## About this task
Lines with the word "format" are the ones wanted. Copy each of them from the entries below.

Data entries

______________________________

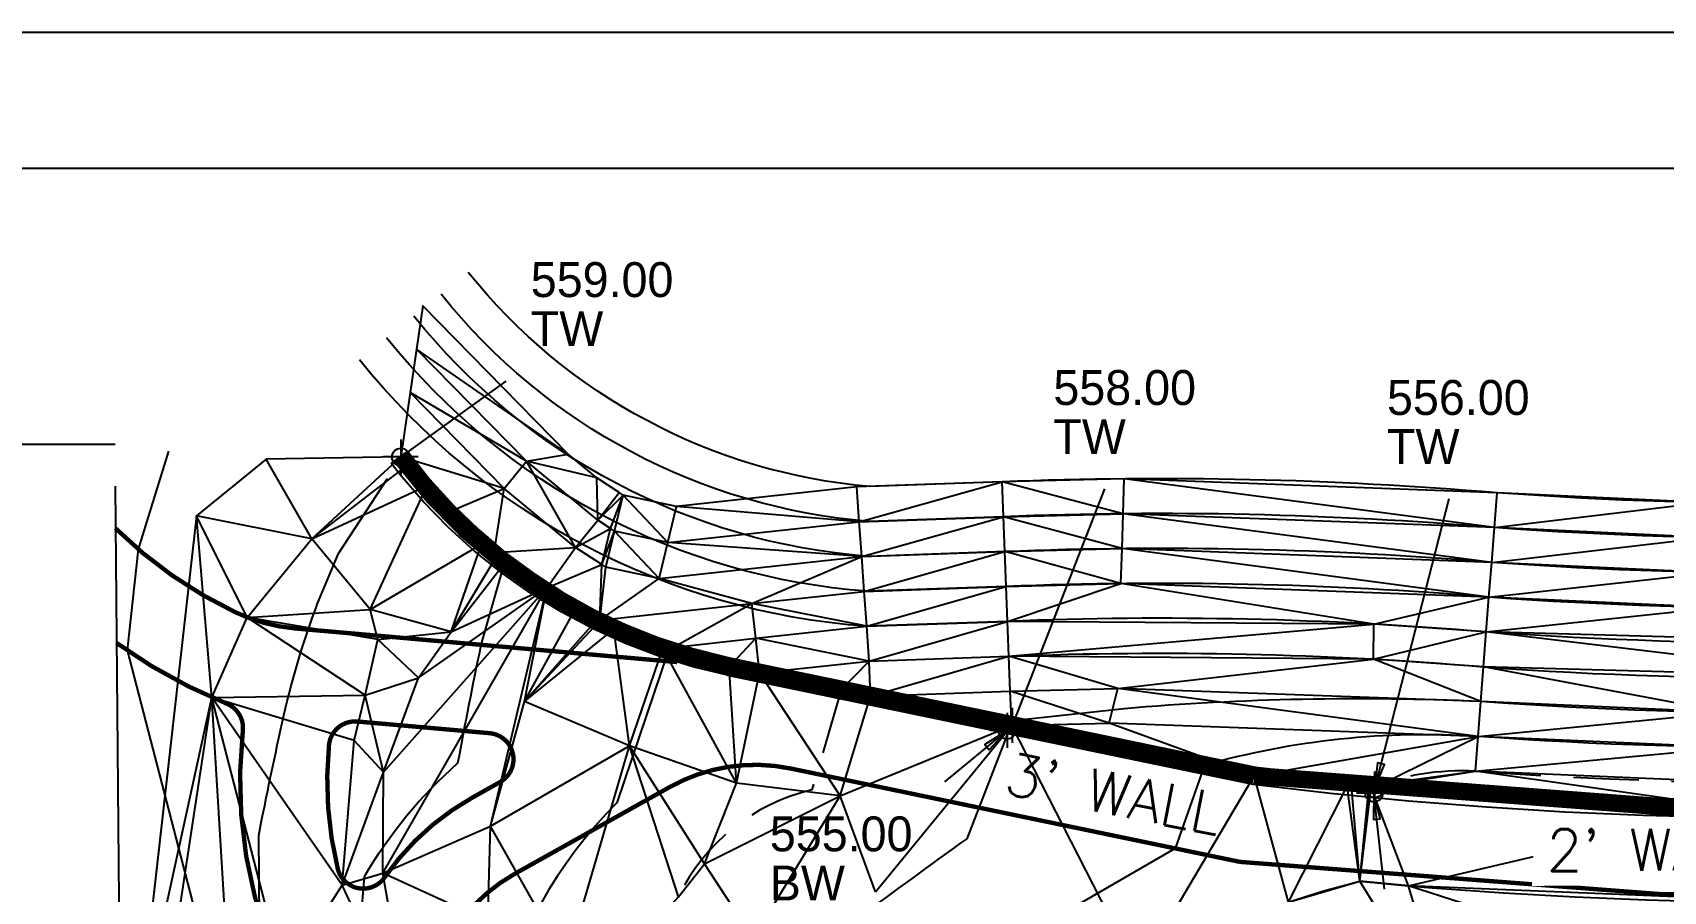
# Model space of a CAD drawing. Header units: inches. Extents: x 2461366 to 2469791, y 7062737 to 7065282.
# Drawn here: x 2466766.4 to 2466953.4, y 7064567.8 to 7064666.2 of the extents above; entities that cross this region are included whole.
import ezdxf

# ---------------------------------------------------------------- set-up
doc = ezdxf.new("R2010")
doc.units = ezdxf.units.IN
doc.header["$LTSCALE"] = 60
doc.header["$MEASUREMENT"] = 0
doc.linetypes.add('DASHED2', pattern=[0.375, 0.25, -0.125])
for name, color, linetype in [('3D', 5, 'Continuous'), ('C-SITE-VOLM', 7, 'Continuous'), ('CONC LABEL', 7, 'Continuous'), ('CONTOURS', 35, 'Continuous'), ('EXIST DRAIN ESMT', 7, 'DASHED2'), ('FENCE', 1, 'FENCE'), ('PROP TRAIL', 3, 'Continuous'), ('Proposed Ground-C-TINN', 7, 'Continuous'), ('Proposed Ground-C-TINN-BNDY', 7, 'Continuous'), ('VOLLBLS', 7, 'Continuous'), ('WALL', 6, 'Continuous')]:
    doc.layers.add(name, color=color, linetype=linetype)
doc.styles.add('L80', font='simplex', dxfattribs={"height": 4.8})
doc.linetypes.add('FENCE', pattern='A,0.5,-0.1,["X",Standard,S=0.1,R=0,X=-0.05,Y=-0.05],-0.1', length=0.7)

# ---------------------------------------------------------------- blocks, each defined once
blk = doc.blocks.new('*U15')
at = {"layer": 'CONC LABEL', "color": 7, "linetype": 'Continuous'}
for p, q in [((1.15, -8.8, -283.6), (-10.9, -17.5, -564)), ((-10.9, -15.5, -564), (-10.9, -19.5, -564)), ((-8.9, -17.5, -564), (-12.9, -17.5, -564))]:
    blk.add_line(p, q, dxfattribs=at)
at = {"layer": 'CONC LABEL', "color": 7, "linetype": 'Continuous', "extrusion": (-0.809588, -0.584608, 0.052928), "elevation": -10.79}
blk.add_lwpolyline([(7.81, -564.22), (7.83, -561.22), (7.78, -561.22)], close=True, dxfattribs=at)
at = {"layer": 'CONC LABEL', "color": 7, "linetype": 'Continuous'}
blk.add_circle((-10.9, -17.5, -564), 1, dxfattribs=at)
at = {"layer": 'CONC LABEL', "color": 7, "char_height": 4, "attachment_point": 4}
for s, insert in [('559.00', (4, 2.8)), ('TW', (4, -2.8))]:
    blk.add_mtext(s, dxfattribs=dict(at, insert=insert))
blk = doc.blocks.new('*U19')
at = {"layer": 'CONC LABEL', "linetype": 'Continuous'}
for p, q in [((9.88, -8.8, -136.78), (-0.74, -35.9, -558)), ((-0.74, -33.9, -558), (-0.74, -37.9, -558)), ((1.26, -35.9, -558), (-2.74, -35.9, -558))]:
    blk.add_line(p, q, dxfattribs=at)
at = {"layer": 'CONC LABEL', "linetype": 'Continuous', "extrusion": (-0.364141, -0.928789, 0.06894), "elevation": -4.86}
blk.add_lwpolyline([(12.41, -559), (12.44, -556), (12.39, -556)], close=True, dxfattribs=at)
at = {"layer": 'CONC LABEL', "linetype": 'Continuous'}
blk.add_circle((-0.74, -35.9, -558), 1, dxfattribs=at)
at = {"layer": 'CONC LABEL', "color": 7, "char_height": 4, "attachment_point": 4}
for s, insert in [('558.00', (4, 2.8)), ('TW', (4, -2.8))]:
    blk.add_mtext(s, dxfattribs=dict(at, insert=insert))
blk = doc.blocks.new('*U20')
at = {"layer": 'CONC LABEL', "color": 7, "linetype": 'Continuous'}
for p, q in [((31.21, 16.69), (31.21, 12.69)), ((24.05, 8.8), (31.21, 14.69)), ((33.21, 14.69), (29.21, 14.69))]:
    blk.add_line(p, q, dxfattribs=at)
blk.add_lwpolyline([(31.21, 14.69), (28.64, 13.09), (29.15, 12.48)], close=True, dxfattribs=at)
blk.add_circle((31.21, 14.69), 1, dxfattribs=at)
at = {"layer": 'CONC LABEL', "color": 7, "char_height": 4, "attachment_point": 4}
for s, insert in [('555.00', (4, 2.8)), ('BW', (4, -2.8))]:
    blk.add_mtext(s, dxfattribs=dict(at, insert=insert))
blk = doc.blocks.new('*U25')
at = {"layer": 'CONC LABEL', "color": 7, "linetype": 'Continuous'}
for p, q in [((11.08, -8.8), (2.57, -42.04)), ((2.57, -40.04), (2.57, -44.04)), ((4.57, -42.04), (0.57, -42.04))]:
    blk.add_line(p, q, dxfattribs=at)
blk.add_lwpolyline([(2.57, -42.04), (3.7, -39.23), (2.92, -39.03)], close=True, dxfattribs=at)
blk.add_circle((2.57, -42.04), 1, dxfattribs=at)
at = {"layer": 'CONC LABEL', "color": 7, "char_height": 4, "attachment_point": 4}
for s, insert in [('556.00', (4, 2.8)), ('TW', (4, -2.8))]:
    blk.add_mtext(s, dxfattribs=dict(at, insert=insert))
blk = doc.blocks.new('*U26')
at = {"layer": 'CONC LABEL', "color": 7, "linetype": 'Continuous'}
for p, q in [((11.18, 21.79), (11.18, 17.79)), ((13.18, 19.79), (9.18, 19.79)), ((12.37, 8.8), (11.18, 19.79))]:
    blk.add_line(p, q, dxfattribs=at)
blk.add_lwpolyline([(11.18, 19.79), (11.11, 16.76), (11.9, 16.85)], close=True, dxfattribs=at)
blk.add_circle((11.18, 19.79), 1, dxfattribs=at)
at = {"layer": 'CONC LABEL', "color": 7, "char_height": 4, "attachment_point": 4}
for s, insert in [('553.00', (4, 2.8)), ('BW', (4, -2.8))]:
    blk.add_mtext(s, dxfattribs=dict(at, insert=insert))

msp = doc.modelspace()

# ---------------------------------------------------------------- linework, layer by layer
at = {"layer": '3D'}
msp.add_lwpolyline([(2466809.39, 7064618.19), (2466807.51, 7064616.83)], dxfattribs=at)
for points in [[(2466846.08, 7064592.52, 555), (2466842.12, 7064593.49, 555.35), (2466838.22, 7064594.7, 555.7), (2466834.41, 7064596.15, 556.05), (2466830.7, 7064597.83, 556.4), (2466827.09, 7064599.74, 556.75), (2466823.61, 7064601.87, 557.1), (2466820.27, 7064604.22, 557.45), (2466817.09, 7064606.76, 557.8), (2466814.06, 7064609.5, 558.15), (2466811.21, 7064612.42, 558.5), (2466808.55, 7064615.51, 558.86), (2466807.51, 7064616.83, 559)], [(2466809.39, 7064618.19, 559), (2466811.94, 7064614.98, 558.91), (2466814.66, 7064611.99, 558.82), (2466817.56, 7064609.18, 558.73), (2466820.64, 7064606.57, 558.64), (2466823.89, 7064604.17, 558.55), (2466827.28, 7064601.98, 558.46), (2466830.81, 7064600.02, 558.37), (2466834.46, 7064598.29, 558.28), (2466838.22, 7064596.81, 558.19), (2466842.06, 7064595.57, 558.1), (2466846.01, 7064594.58, 558.01), (2466846.49, 7064594.48, 558), (2466878.29, 7064587.88, 557), (2466906.64, 7064582, 556), (2466915.45, 7064580.99, 556), (2466924.36, 7064580.12, 556), (2466933.27, 7064579.42, 556), (2466942.2, 7064578.88, 556), (2466951.14, 7064578.49, 556), (2466960.08, 7064578.26, 556)], [(2466846.08, 7064592.52, 555), (2466877.89, 7064585.92, 554)], [(2466877.89, 7064585.92, 554), (2466906.32, 7064580.02, 553), (2466915.24, 7064579, 553), (2466924.18, 7064578.13, 553), (2466933.13, 7064577.43, 553), (2466942.1, 7064576.88, 553), (2466951.07, 7064576.49, 553), (2466960.04, 7064576.26, 553)]]:
    msp.add_polyline3d(points, dxfattribs=at)
at = {"layer": 'C-SITE-VOLM'}
msp.add_lwpolyline([(2466523.71, 7063920.59), (2467563.71, 7063920.59), (2467563.71, 7064650.59), (2466523.71, 7064650.59), (2466523.71, 7063920.59)], dxfattribs=at)
at = {"layer": 'CONTOURS'}
msp.add_line((2466906.48, 7064581.01, 554), (2466895.5, 7064583.29, 554), dxfattribs=at)
for points, elevation in [([(2466782, 7064618.2), (2466778.52, 7064606.98), (2466777.24, 7064595.38), (2466789.48, 7064548.26, 0.050444), (2466792.7, 7064528.39), (2466798.13, 7064508.13), (2466801.98, 7064471.61), (2466803.19, 7064437.36)], 556), ([(2466808.62, 7064617.54, 0.183735), (2466846.28, 7064593.5), (2466859.14, 7064590.84), (2466862.33, 7064594.14), (2466878.33, 7064594.7, -0.031112), (2466932.76, 7064593.49, 0.082018), (2467091.56, 7064607.96), (2467116.82, 7064614.53, -0.264661), (2467375.1, 7064510.99, -0.007046)], 559), ([(2466820.54, 7064605.38, -0.068046), (2466808.62, 7064617.54)], 558), ([(2466806.9, 7064445.63), (2466805.98, 7064471.89), (2466802.08, 7064508.86), (2466799.69, 7064517.78, -0.050444), (2466796.46, 7064537.65), (2466792.46, 7064559.62), (2466792.34, 7064574.14, -0.007803), (2466795.24, 7064587.94, -0.03628), (2466799.1, 7064600.74), (2466801.47, 7064606.48), (2466807.09, 7064615.06)], 557), ([(2467371.97, 7064508.5, 0.264433), (2467117.6, 7064610.6), (2467092.57, 7064604.08, -0.08203), (2466932.45, 7064589.51, 0.032021), (2466891.55, 7064588.69), (2466877.09, 7064587.11)], 558), ([(2467481.62, 7064205.45), (2467475.35, 7064213.14), (2467475.91, 7064215.68, -0.118759), (2467429.09, 7064309.01, -0.065221), (2467424.15, 7064352.32, 0.085155), (2467425.08, 7064407.37, 0.042374), (2467415.34, 7064432.83), (2467389.06, 7064477.21, 0.022906), (2467373.9, 7064499.45, 0.007049), (2467368.84, 7064506.01, 0.264201), (2467118.38, 7064606.66), (2467093.58, 7064600.21, -0.082041), (2466932.14, 7064585.52, 0.084633), (2466900.76, 7064582.2), (2466846.28, 7064593.5), (2466846.28, 7064593.5), (2466846.28, 7064593.5, -0.05263), (2466839.31, 7064595.38), (2466833.4, 7064577.9, 0.274833), (2466820.13, 7064524.99), (2466827.31, 7064456.71, 0.011594), (2466827.94, 7064452.35)], 557), ([(2466810.71, 7064451.16), (2466809.97, 7064472.18), (2466806.02, 7064509.59), (2466805.85, 7064522.81, 0.025108), (2466803.62, 7064538.8), (2466803.53, 7064557.69), (2466804.48, 7064569.46, -0.082111), (2466815.19, 7064582.47, -0.005829), (2466817.85, 7064596.01), (2466820.54, 7064605.38), (2466820.54, 7064605.38)], 558), ([(2467429.45, 7064307.49, -0.001754), (2467429.09, 7064309.01, -0.071322), (2467424.27, 7064356.39, 0.122971), (2467409.16, 7064429.52), (2467383.07, 7064473.59, 0.022852), (2467368.31, 7064495.25, 0.007049), (2467363.36, 7064501.65, 0.263781), (2467119.73, 7064599.78), (2467095.34, 7064593.44, -0.094664), (2466906.48, 7064581.01), (2466878.57, 7064586.8), (2466873.52, 7064573.78, 0.014705), (2466848.98, 7064555.23, 0.1903), (2466839.08, 7064539, 0.054929), (2466834.97, 7064508.99), (2466839.24, 7064458.05, 0.086631), (2466847.49, 7064430.71, -0.154191), (2466865.02, 7064334.41), (2466863.65, 7064321.82)], 555), ([(2466876.39, 7064321.36), (2466874.12, 7064362.74, 0.110194), (2466854.6, 7064434.37, -0.137687), (2466846.63, 7064476.72, -0.151282), (2466865.44, 7064532.64, -0.182735), (2466918.6, 7064568.91), (2466924.16, 7064568.4, 0.085139), (2467097.42, 7064583.1), (2467121.22, 7064589.29, -0.263152), (2467355.1, 7064494.77, -0.038917), (2467379.21, 7064459.1), (2467399.9, 7064424.14, -0.051573), (2467409.86, 7064396.21, 0.121258), (2467405.26, 7064383.32, -0.006169), (2467404.92, 7064377.82), (2467399, 7064298.82, 0.096645), (2467399.53, 7064284.83), (2467403.93, 7064266.08, -0.146049), (2467373.6, 7064117.5)], 553), ([(2466900.76, 7064582.2), (2466897.42, 7064572.68), (2466882.54, 7064564.06, 0.016955), (2466868.1, 7064551.96, 0.290563), (2466841.04, 7064479.14)], 554)]:
    msp.add_lwpolyline(points, format="xyb", dxfattribs=dict(at, elevation=elevation))
at = {"layer": 'CONTOURS', "linetype": 'DASHED2', "ltscale": 0.5, "elevation": 556}
msp.add_lwpolyline([(2467365.7, 7064503.52, 0.263963), (2467119.15, 7064602.73), (2467094.58, 7064596.34, -0.082041), (2466931.84, 7064581.53, 0.105508), (2466919.63, 7064579.56, -0.006557), (2466906.48, 7064581.01), (2466859.14, 7064590.84), (2466855.76, 7064579.37, 0.226543), (2466840.46, 7064567.14, 0.169648), (2466832.33, 7064549.52, 0.105008), (2466830.41, 7064503.71), (2466835.26, 7064457.6, 0.052485), (2466839.32, 7064439.84, 0.034199), (2466843.93, 7064428.87, -0.154311), (2466861.05, 7064334.87), (2466859.68, 7064322.26)], format="xyb", dxfattribs=at)
at = {"layer": 'CONTOURS'}
msp.add_arc((2466968.38, 7065081.5, 554), 504.3, 262.9503, 284.5813, dxfattribs=at)
at = {"layer": 'EXIST DRAIN ESMT'}
msp.add_lwpolyline([(2466775.87, 7064618.95), (2466737.23, 7064618.95), (2466639.09, 7064558.08), (2466241.38, 7064558.08)], dxfattribs=at)
at = {"layer": 'FENCE', "color": 7}
msp.add_lwpolyline([(2466775.87, 7064614.19), (2466778.15, 7064359.41)], dxfattribs=at)
at = {"layer": 'PROP TRAIL', "color": 7, "const_width": 0.5}
for points in [[(2466775.91, 7064609.37, 0.083507), (2466789.65, 7064599.75, 0.089303), (2466796.49, 7064597.89), (2466840.32, 7064594.03)], [(2466839.33, 7064326.04, -0.001159), (2466841.21, 7064337.4, 0.171058), (2466833.96, 7064379.11, -0.117061), (2466812.49, 7064454.31), (2466810.51, 7064498.4, 0.006703), (2466810.21, 7064503.62), (2466809.34, 7064515.7, 0.115892), (2466797.43, 7064553.87, -0.162662), (2466790.52, 7064586.15, 0.336434), (2466788.66, 7064589.27, -0.05977), (2466776.03, 7064596.23, -0.06938)], [(2466849.18, 7064324.33, -0.001169), (2466851.07, 7064335.74, 0.171058), (2466842.68, 7064384, -0.117061), (2466822.48, 7064454.76), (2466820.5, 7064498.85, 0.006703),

______________________________

## Answer to this task
    msp.add_lwpolyline(points, format="xyb", dxfattribs=dict(at, elevation=elevation))
msp.add_lwpolyline([(2467365.7, 7064503.52, 0.263963), (2467119.15, 7064602.73), (2467094.58, 7064596.34, -0.082041), (2466931.84, 7064581.53, 0.105508), (2466919.63, 7064579.56, -0.006557), (2466906.48, 7064581.01), (2466859.14, 7064590.84), (2466855.76, 7064579.37, 0.226543), (2466840.46, 7064567.14, 0.169648), (2466832.33, 7064549.52, 0.105008), (2466830.41, 7064503.71), (2466835.26, 7064457.6, 0.052485), (2466839.32, 7064439.84, 0.034199), (2466843.93, 7064428.87, -0.154311), (2466861.05, 7064334.87), (2466859.68, 7064322.26)], format="xyb", dxfattribs=at)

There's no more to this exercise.